#### [YOUR OBJECTIVE]
Please copy, with no word changed, only the run of lines that opens with the line containing "6. XY Joint" and closes with the last line below.

(Dataset records)
· · · · · · ·

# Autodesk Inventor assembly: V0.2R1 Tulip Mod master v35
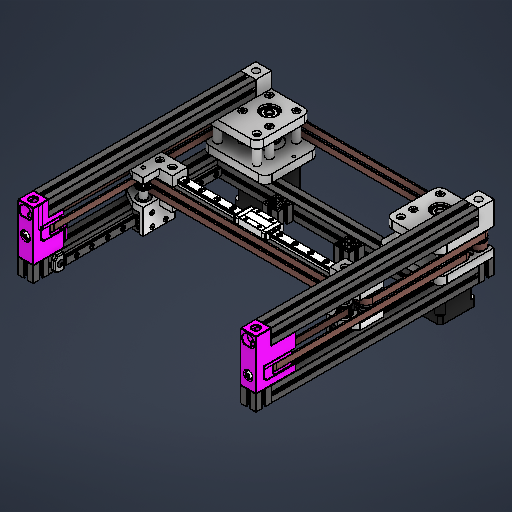
[picture p0: Inventor's stored thumbnail of the model, 512x512]
Saved by Autodesk Inventor 2026 (Build 300175050, 175E)
## iProperties
Created: 2025-05-23
Part Number: V0.2R1 Tulip Mod master v35
Document SubType Name: Assembly
Designer: Joshua Eah
Sending System: Autodesk Translation Framework v13.20.0.188
Preprocessor: ST-DEVELOPER v20
Title: V0.2R1 Tulip Mod master v35.step
## Documents named in this file (10)
- C:\Users\Joshua Eah\Documents\GitHub\Voron-0\CAD\Tulip - Machined Parts\V0.2R1 Tulip Mod master v35\V0.2R1 Tulip Mod master v35.iam
- C:\Users\Joshua Eah\Documents\GitHub\Voron-0\CAD\Tulip - Machined Parts\V0.2R1 Tulip Mod master v35\Frame.iam
- C:\Users\Joshua Eah\Documents\GitHub\Voron-0\CAD\Tulip - Machined Parts\V0.2R1 Tulip Mod master v35\Tools.iam
- C:\Users\Joshua Eah\Documents\GitHub\Voron-0\CAD\Tulip - Machined Parts\V0.2R1 Tulip Mod master v35\X Axis (1).iam
- C:\Users\Joshua Eah\Documents\GitHub\Voron-0\CAD\Tulip - Machined Parts\AB Drives\A Drive\A_Drive.iam
- C:\Users\Joshua Eah\Documents\GitHub\Voron-0\CAD\Tulip - Machined Parts\AB Drives\B Drive\B_Drive.iam
- C:\Users\Joshua Eah\Documents\GitHub\Voron-0\CAD\Tulip - Machined Parts\Live Idler\Tension_Idler_A_Live.iam
- C:\Users\Joshua Eah\Documents\GitHub\Voron-0\CAD\Tulip - Machined Parts\Live Idler\Tension_Idler_B_Live.iam
- C:\Users\Joshua Eah\Documents\GitHub\Voron-0\CAD\Tulip - Machined Parts\XY Joint Left\XY Joint Left (Tulip).iam
- C:\Users\Joshua Eah\Documents\GitHub\Voron-0\CAD\Tulip - Machined Parts\XY Joint Right\XY Joint Right Upper (Tulip).iam
## Components (9 placed, 9 different names)
1. Frame:1 [sub-assembly] — Insert:1, Angle:1, Insert:2, Insert:3
2. Tools:1 [sub-assembly]
3. X Axis:1 [sub-assembly] — Mate:1, Mate:2
4. A_Drive:1 [sub-assembly]
5. B_Drive:1 [sub-assembly] — Insert:1, Angle:1
6. XY Joint Left (Tulip):1 [sub-assembly] — Mate:1, Insert:2
7. XY Joint Right Upper (Tulip):1 [sub-assembly] — Mate:2, Insert:3
8. Tension_Idler_A_Live:1 [sub-assembly]
9. Tension_Idler_B_Live:1 [sub-assembly]
## Relationships (6: Insert 3, Mate 2, Angle 1)
- Insert:1: Frame:1 ↔ B_Drive:1
- Angle:1 (0 deg): Frame:1 ↔ B_Drive:1
- Mate:1: X Axis:1 ↔ XY Joint Left (Tulip):1
- Insert:2: Frame:1 ↔ XY Joint Left (Tulip):1
- Mate:2: X Axis:1 ↔ XY Joint Right Upper (Tulip):1
- Insert:3: Frame:1 ↔ XY Joint Right Upper (Tulip):1

· · · · · · ·

#### [WRITTEN SOLUTION]
6. XY Joint Left (Tulip):1 [sub-assembly] — Mate:1, Insert:2
7. XY Joint Right Upper (Tulip):1 [sub-assembly] — Mate:2, Insert:3
8. Tension_Idler_A_Live:1 [sub-assembly]
9. Tension_Idler_B_Live:1 [sub-assembly]
## Relationships (6: Insert 3, Mate 2, Angle 1)
- Insert:1: Frame:1 ↔ B_Drive:1
- Angle:1 (0 deg): Frame:1 ↔ B_Drive:1
- Mate:1: X Axis:1 ↔ XY Joint Left (Tulip):1
- Insert:2: Frame:1 ↔ XY Joint Left (Tulip):1
- Mate:2: X Axis:1 ↔ XY Joint Right Upper (Tulip):1
- Insert:3: Frame:1 ↔ XY Joint Right Upper (Tulip):1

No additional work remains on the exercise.